Becoming Aware: Intersectionality in #BlackLivesMatter

Throughout the past few years, there has been a huge progress made in the #blacklivesmatter movement. Under a time of overwhelming political stress and social dysfunction, the #blacklivesmatter movement has not only brought up the need for awareness in the ways in which black women and men are victims of police brutality, but it has also allowed for people to become aware of the racism that is often ignored or disregarded in society. The first article I looked into was from Dissent Magazine (https://www.dissentmagazine.org/article/women-black-lives-matter-interview-marcia-chatelain) where the article introduces the movement, as well as the recent shift in agenda to focus more about exclusivity to support oppressed black and queer people. In this case, a discussion between Asoka and Chatelain revolves around the problems that are often left unnoticed in society; Chatelain also praises the movement’s focus around intersectionality and how it allows others to acknowledge the overlap between different groups and movements. By doing so, intersectionality becomes an important factor in approaching the #blacklivesmatter movement as a means of staying attentive to any overlap that may be considerably offensive.

In more research, I came across another article from The Hill (http://thehill.com/blogs/pundits-blog/civil-rights/325040-black-lives-matter-is-not-a-moment-but-a-movement) which focuses on how the #blacklivesmatter is not only a moment, but also a movement. In other words, the article underlines the idea that this is not only a snapshot created for awareness, but it is a transitioning and powerful agenda that aims to change mentalities. Furthermore, the article points out how intersectionality can essentially bring awareness to all members who are victims of oppression in the Black community, whether queer or female. By doing so, the #blacklivesmatter movement stresses the importance for a social shift towards justice and awareness. Since the movement is explained as inclusive, it does this through intersectionality to highlight the significance and need for social justice. Therefore, non-participants are allowed to understand and approach the movement in ways that will not harm or interfere with the agenda.

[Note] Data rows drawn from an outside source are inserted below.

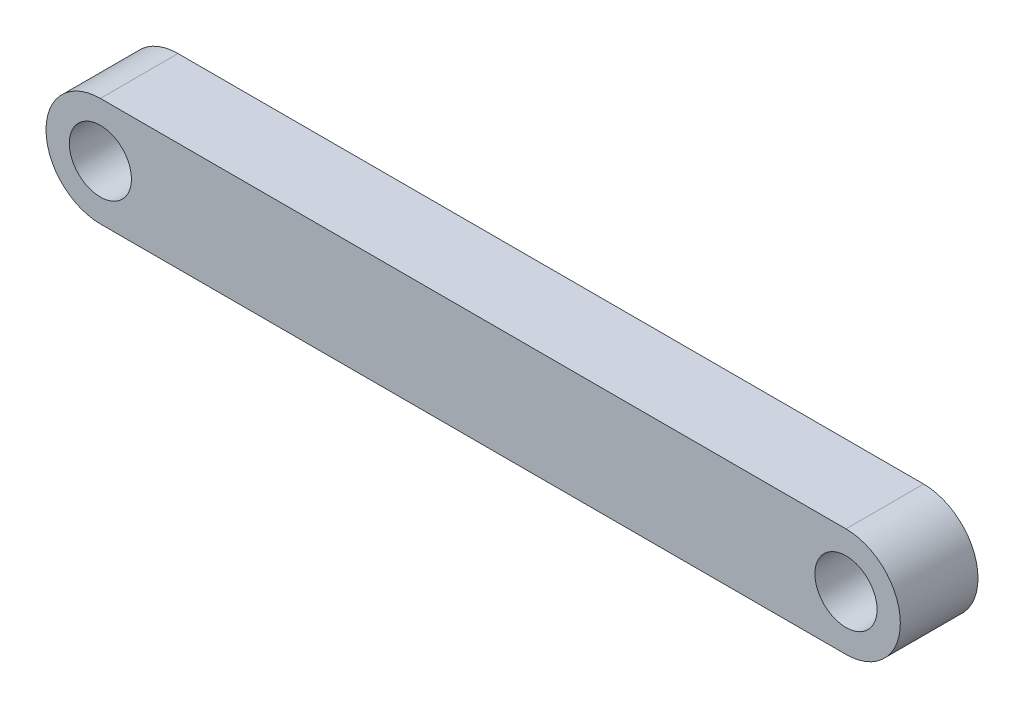
from build123d import *

# Parameters (mm, degrees)
SKETCH1_R           = 25.4
BOSS_EXTRUDE1_DEPTH = 31.75


with BuildPart() as part:
    # Sketch1 → Boss-Extrude1 (new, symmetric)
    with BuildSketch(Plane.XY):
        with BuildLine():
            Line((609.6, -44.45), (0, -44.45))
            ThreePointArc((0, -44.45), (-44.45, 0), (0, 44.45))
            Line((0, 44.45), (609.6, 44.45))
            ThreePointArc((609.6, 44.45), (654.05, 0), (609.6, -44.45))
        make_face()
        with Locations((609.6, 0)):
            Circle(SKETCH1_R, mode=Mode.SUBTRACT)
        Circle(SKETCH1_R, mode=Mode.SUBTRACT)
    extrude(amount=BOSS_EXTRUDE1_DEPTH, both=True)


solid = part.part
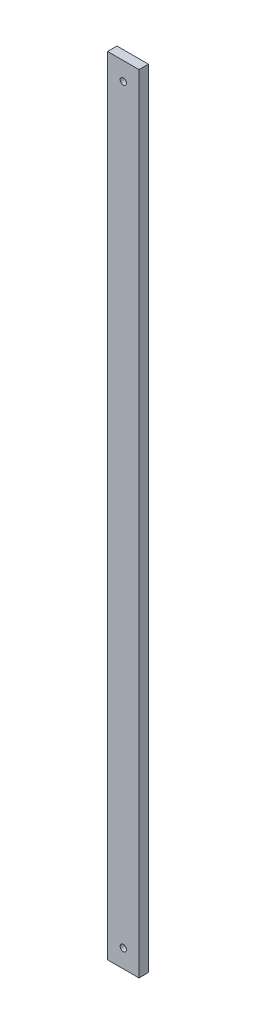
from build123d import *

# Parameters (mm, degrees)
SKETCH1_W           = 20
SKETCH1_H           = 6
BOSS_EXTRUDE1_DEPTH = 500
SKETCH2_R           = 2
CUT_EXTRUDE1_DEPTH  = 10


with BuildPart() as part:
    # Sketch1 → Boss-Extrude1 (new body)
    with BuildSketch(Plane(origin=(0, 0, 0), x_dir=(1, 0, 0), z_dir=(0, 1, 0))):
        with Locations((10, 3)):
            Rectangle(SKETCH1_W, SKETCH1_H)
    extrude(amount=BOSS_EXTRUDE1_DEPTH)

    # Sketch2 → Cut-Extrude1 (cut)
    with BuildSketch(Plane(origin=(0, 0, -6), x_dir=(-1, 0, 0), z_dir=(0, 0, -1))):
        with Locations((-10, 488.5)):
            Circle(SKETCH2_R)
        with Locations((-10, 11.5)):
            Circle(SKETCH2_R)
    extrude(amount=-CUT_EXTRUDE1_DEPTH, mode=Mode.SUBTRACT)


solid = part.part
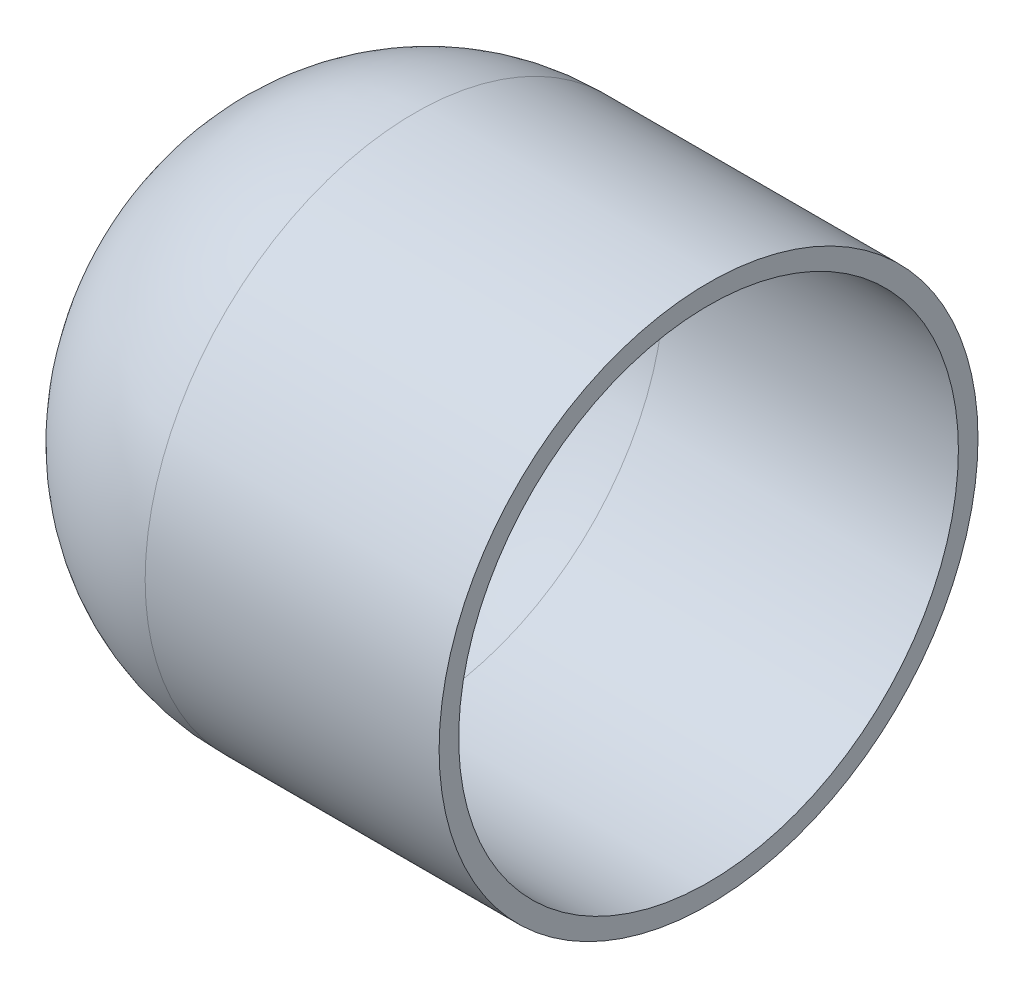
from build123d import *


with BuildPart() as part:
    # Çizim2 → Döndür2 (revolve)
    with BuildSketch(Plane.XY, mode=Mode.PRIVATE) as d_nd_r2_sk:
        with BuildLine():
            Line((0, 27.5), (-30, 27.5))
            ThreePointArc((-30, 27.5), (-41.957454175, 24.418807423), (-50.8, 15.8))
            Line((-50.8, 15.8), (-50.8, 13.8))
            ThreePointArc((-50.8, 13.8), (-42.068120997, 22.615548438), (-30, 25.5))
            Line((-30, 25.5), (0, 25.5))
            Line((0, 25.5), (0, 27.5))
        make_face()
    revolve(d_nd_r2_sk.sketch.rotate(Axis((0, 0, 0), (-1, 0, 0)), 90), axis=Axis((0, 0, 0), (-1, 0, 0)))


solid = part.part
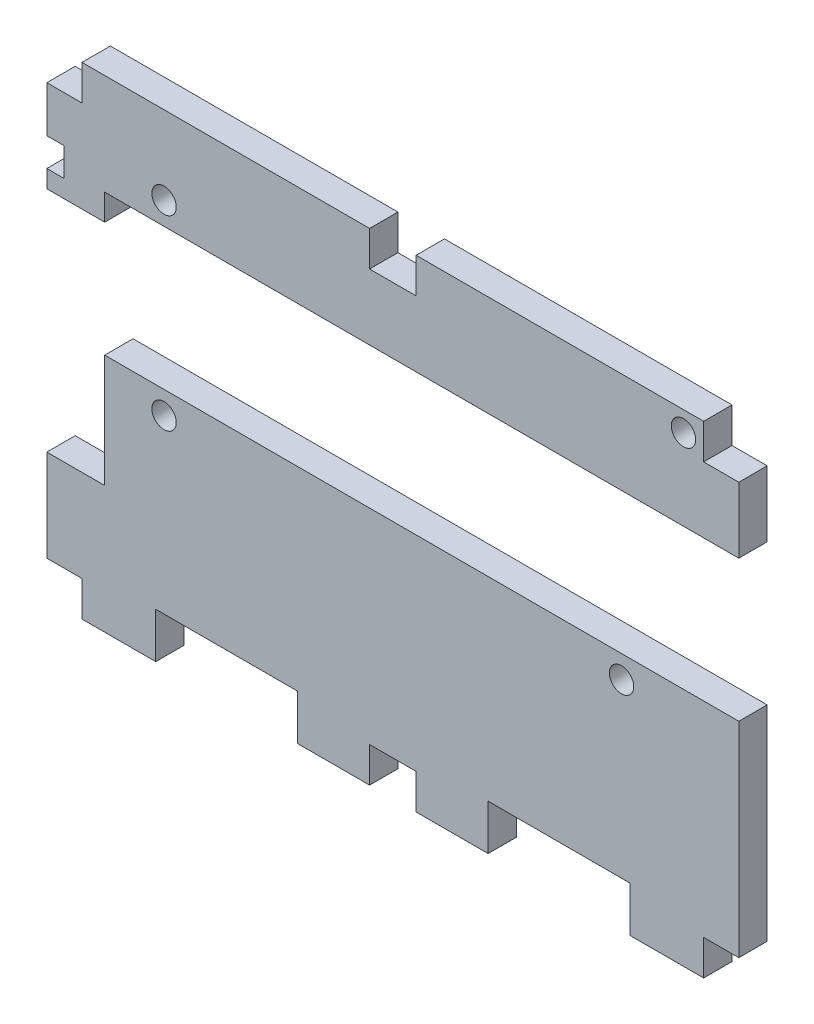
from build123d import *

# Parameters (mm, degrees)
SKETCH_1_W          = 122
SKETCH_1_H          = 85
EXTRUDE_1_DEPTH     = 5
SKETCH_2_W          = 8.2
SKETCH_2_H          = 6.2
SKETCH_2_W_2        = 6.2
SKETCH_2_W_3        = 10.2
SKETCH_2_H_2        = 40.2
CUT_EXTRUDE_1_DEPTH = 5
SKETCH_6_R          = 2.15
CUT_EXTRUDE_2_DEPTH = 5
SKETCH_8_W          = 111.8
SKETCH_8_H          = 24.893
SKETCH_8_W_2        = 25
SKETCH_8_H_2        = 8
CUT_EXTRUDE_5_DEPTH = 5
SKETCH_9_W          = 3
SKETCH_9_H          = 5
CUT_EXTRUDE_6_DEPTH = 5


with BuildPart() as part:
    # 草图1 → 凸台-拉伸1 (new body)
    with BuildSketch(Plane.XY):
        Rectangle(SKETCH_1_W, SKETCH_1_H)
    extrude(amount=EXTRUDE_1_DEPTH)

    # 草图2 → 切除-拉伸1 (cut)
    with BuildSketch(Plane.XY.offset(5)):
        with Locations((0, 39.4)):
            Rectangle(SKETCH_2_W, SKETCH_2_H)
        with Locations((-57.9, 39.4)):
            Rectangle(SKETCH_2_W_2, SKETCH_2_H)
        with Locations((57.9, 39.4)):
            Rectangle(SKETCH_2_W_2, SKETCH_2_H)
        with Locations((57.9, -39.4)):
            Rectangle(SKETCH_2_W_2, SKETCH_2_H)
        with Locations((0, -39.4)):
            Rectangle(SKETCH_2_W, SKETCH_2_H)
        with Locations((-57.9, -39.4)):
            Rectangle(SKETCH_2_W_2, SKETCH_2_H)
        with Locations((-55.9, 0)):
            Rectangle(SKETCH_2_W_3, SKETCH_2_H_2)
    extrude(amount=-CUT_EXTRUDE_1_DEPTH, mode=Mode.SUBTRACT)

    # 草图6 → 切除-拉伸2 (cut)
    with BuildSketch(Plane(origin=(0, 0, 0), x_dir=(-1, 0, 0), z_dir=(0, 0, -1))):
        with Locations((-51.244, 38.982)):
            Circle(SKETCH_6_R)
        with Locations((-40.322, -4.198)):
            Circle(SKETCH_6_R)
        with Locations((40.33, 28.695)):
            Circle(SKETCH_6_R)
        with Locations((40.331, -4.198)):
            Circle(SKETCH_6_R)
    extrude(amount=-CUT_EXTRUDE_2_DEPTH, mode=Mode.SUBTRACT)

    # 草图8 → 切除-拉伸5 (cut)
    with BuildSketch(Plane(origin=(0, 0, 0), x_dir=(-1, 0, 0), z_dir=(0, 0, -1))):
        with Locations((-5.1, 12.2485)):
            Rectangle(SKETCH_8_W, SKETCH_8_H)
        with Locations((-29.3, -38.5)):
            Rectangle(SKETCH_8_W_2, SKETCH_8_H_2)
        with Locations((29.3, -38.5)):
            Rectangle(SKETCH_8_W_2, SKETCH_8_H_2)
    extrude(amount=-CUT_EXTRUDE_5_DEPTH, mode=Mode.SUBTRACT)


with BuildPart() as cut_extrude_5_piece_1:
    # of the separate pieces the step leaves, piece 1, a body of its own (cut_extrude_5_pieces)
    add(part.part.solids().sort_by_distance((-50.8, -0.198, 0))[0])


with BuildPart() as cut_extrude_5_piece_2:
    # of the separate pieces the step leaves, piece 2, a body of its own (cut_extrude_5_pieces)
    add(part.part.solids().sort_by_distance((-54.8, 42.5, 0))[0])

    # 草图9 → 切除-拉伸6 (cut)
    with BuildSketch(Plane(origin=(0, 0, 0), x_dir=(-1, 0, 0), z_dir=(0, 0, -1))):
        with Locations((59.5, 25.7)):
            Rectangle(SKETCH_9_W, SKETCH_9_H)
    extrude(amount=-CUT_EXTRUDE_6_DEPTH, mode=Mode.SUBTRACT)


solid = Compound([cut_extrude_5_piece_1.part, cut_extrude_5_piece_2.part])
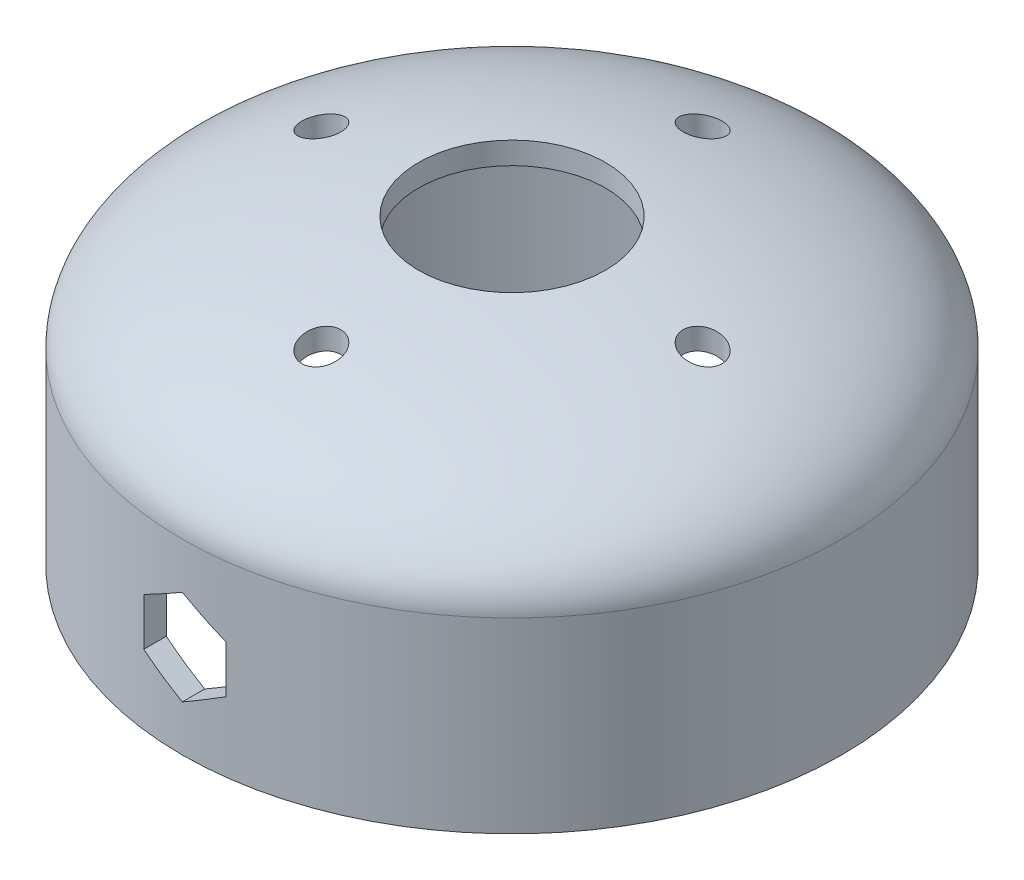
from build123d import *

# Parameters (mm, degrees)
SKETCH2_R               = 2.6
SKETCH2_R_2             = 12.5
CUT_EXTRUDE2_DEPTH      = 75.636586376
CUT_EXTRUDE4_DEPTH      = 75.2781452
CUT_EXTRUDE4_DEPTH_BACK = 75.2781452


with BuildPart() as part:
    # Sketch1 → Revolve1 (revolve)
    with BuildSketch(Plane.XY):
        with BuildLine():
            Line((41.1, 0), (41.1, 25))
            add(Edge.make_bspline(
                [(41.1, 25), (41.1, 38), (0, 38)],
                knots=[0, 0, 0, 1.570796327, 1.570796327, 1.570796327], degree=2, weights=[1, 0.707106781, 1]))
            Line((0, 38), (0, 41))
            add(Edge.make_bspline(
                [(44.1, 25), (44.1, 41), (0, 41)],
                knots=[0, 0, 0, 1.570796327, 1.570796327, 1.570796327], degree=2, weights=[1, 0.707106781, 1]))
            Line((44.1, 25), (44.1, 0))
            Line((44.1, 0), (41.1, 0))
        make_face()
    revolve(axis=Axis((0, 38, 0), (0, 1, 0)))

    # Sketch2 → Cut-Extrude2 (cut, through all)
    with BuildSketch(Plane(origin=(0, 0, 0), x_dir=(1, 0, 0), z_dir=(0, 1, 0))):
        with Locations((25.5, 0)):
            Circle(SKETCH2_R)
        with Locations(Location((0, -25.5, 0), (0, 0, 90))):
            Circle(SKETCH2_R)
        with Locations(Location((-25.5, 0, 0), (0, 0, 90))):
            Circle(SKETCH2_R)
        with Locations(Location((0, 25.5, 0), (0, 0, 90))):
            Circle(SKETCH2_R)
        Circle(SKETCH2_R_2)
    extrude(amount=CUT_EXTRUDE2_DEPTH, mode=Mode.SUBTRACT)

    # Sketch3 → Cut-Extrude4 (cut, two sides: drawn at the far end of the back side and taken through both)
    with BuildSketch(Plane.XY.offset(-CUT_EXTRUDE4_DEPTH_BACK)):
        Polygon((0, 18.850852961), (-5.5, 15.675426481), (-5.5, 9.324573519), (0, 6.149147039), (5.5, 9.324573519), (5.5, 15.675426481), align=None)
    extrude(amount=CUT_EXTRUDE4_DEPTH + CUT_EXTRUDE4_DEPTH_BACK, mode=Mode.SUBTRACT)


solid = part.part
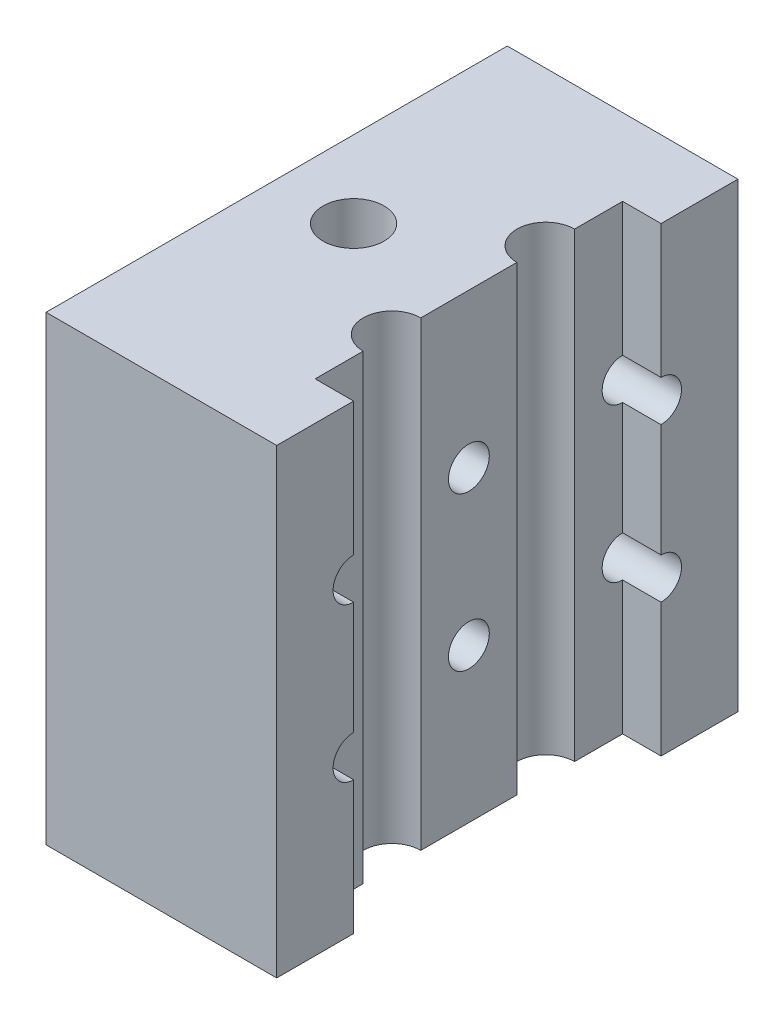
from build123d import *

# Parameters (mm, degrees)
SKETCH1_W               = 38.1
SKETCH1_H               = 76.2
BOSS_EXTRUDE1_DEPTH     = 76.2
SKETCH2_W               = 6.35
SKETCH2_H               = 50.8
CUT_EXTRUDE1_DEPTH      = 94.3255592
F_1_4_CLEARANCE_HOLE1_D = 6.7564
F_3_8_CLEARANCE_HOLE1_D = 10.0838
SKETCH7_R               = 4.7625
CUT_EXTRUDE2_DEPTH      = 94.325559323


with BuildPart() as part:
    # Sketch1 → Boss-Extrude1 (new body)
    with BuildSketch(Plane(origin=(0, 0, 0), x_dir=(1, 0, 0), z_dir=(0, 1, 0))):
        with Locations((-19.05, 0)):
            Rectangle(SKETCH1_W, SKETCH1_H)
    extrude(amount=BOSS_EXTRUDE1_DEPTH)

    # Sketch2 → Cut-Extrude1 (cut, through all)
    with BuildSketch(Plane(origin=(0, 76.2, 0), x_dir=(1, 0, 0), z_dir=(0, 1, 0))):
        with Locations((-3.175, 0)):
            Rectangle(SKETCH2_W, SKETCH2_H)
    extrude(amount=-CUT_EXTRUDE1_DEPTH, mode=Mode.SUBTRACT)

    # 1/4 Clearance Hole1 (through all)
    with Locations(Plane(origin=(0, 0, 0), x_dir=(0, 0, -1), z_dir=(1, 0, 0))):
        with Locations((0, 50.8), (0, 25.4), (-25.4, 25.4), (-25.4, 50.8), (25.4, 50.8), (25.4, 25.4)):
            Hole(F_1_4_CLEARANCE_HOLE1_D / 2)

    # 3/8 Clearance Hole1 (through all)
    with Locations(Plane(origin=(0, 76.2, 0), x_dir=(1, 0, 0), z_dir=(0, 1, 0))):
        with Locations((-25.4, 0)):
            Hole(F_3_8_CLEARANCE_HOLE1_D / 2)

    # Sketch7 → Cut-Extrude2 (cut, through all)
    with BuildSketch(Plane(origin=(0, 76.2, 0), x_dir=(1, 0, 0), z_dir=(0, 1, 0))):
        with Locations((-6.35, 12.7)):
            Circle(SKETCH7_R)
        with Locations((-6.35, -12.7)):
            Circle(SKETCH7_R)
    extrude(amount=-CUT_EXTRUDE2_DEPTH, mode=Mode.SUBTRACT)


solid = part.part

The last article I looked into was from the following link: http://prospect.org/article/inclusive-strength-blacklivesmatter

The article introduces the movement by mentioning several instances of police brutality on Black American citizens. It then digs deeper in explaining how the movement was initiated and why it has been able to gain much public attention. The article also talks more about its involvement with intersectionality, as it remains an inclusive group that aims to spotlight the transgressions against oppressed people of color. By doing so, this article also explains the importance and significance of the movement due to a long, restless history of violence and brutality against oppressed communities. As a person of color myself, the intersectionality within the #blacklivesmatter movement allows me to fight for those oppressed and bring awareness to these communities/people, yet it also allows me to recognize my own privilege through my own Asian ethnicity. As being a non-black American citizen, it is important for me to understand the unjust amount of racism and brutality against the Black community, and can only hope that this movement will prove to be effective (which it has been so far).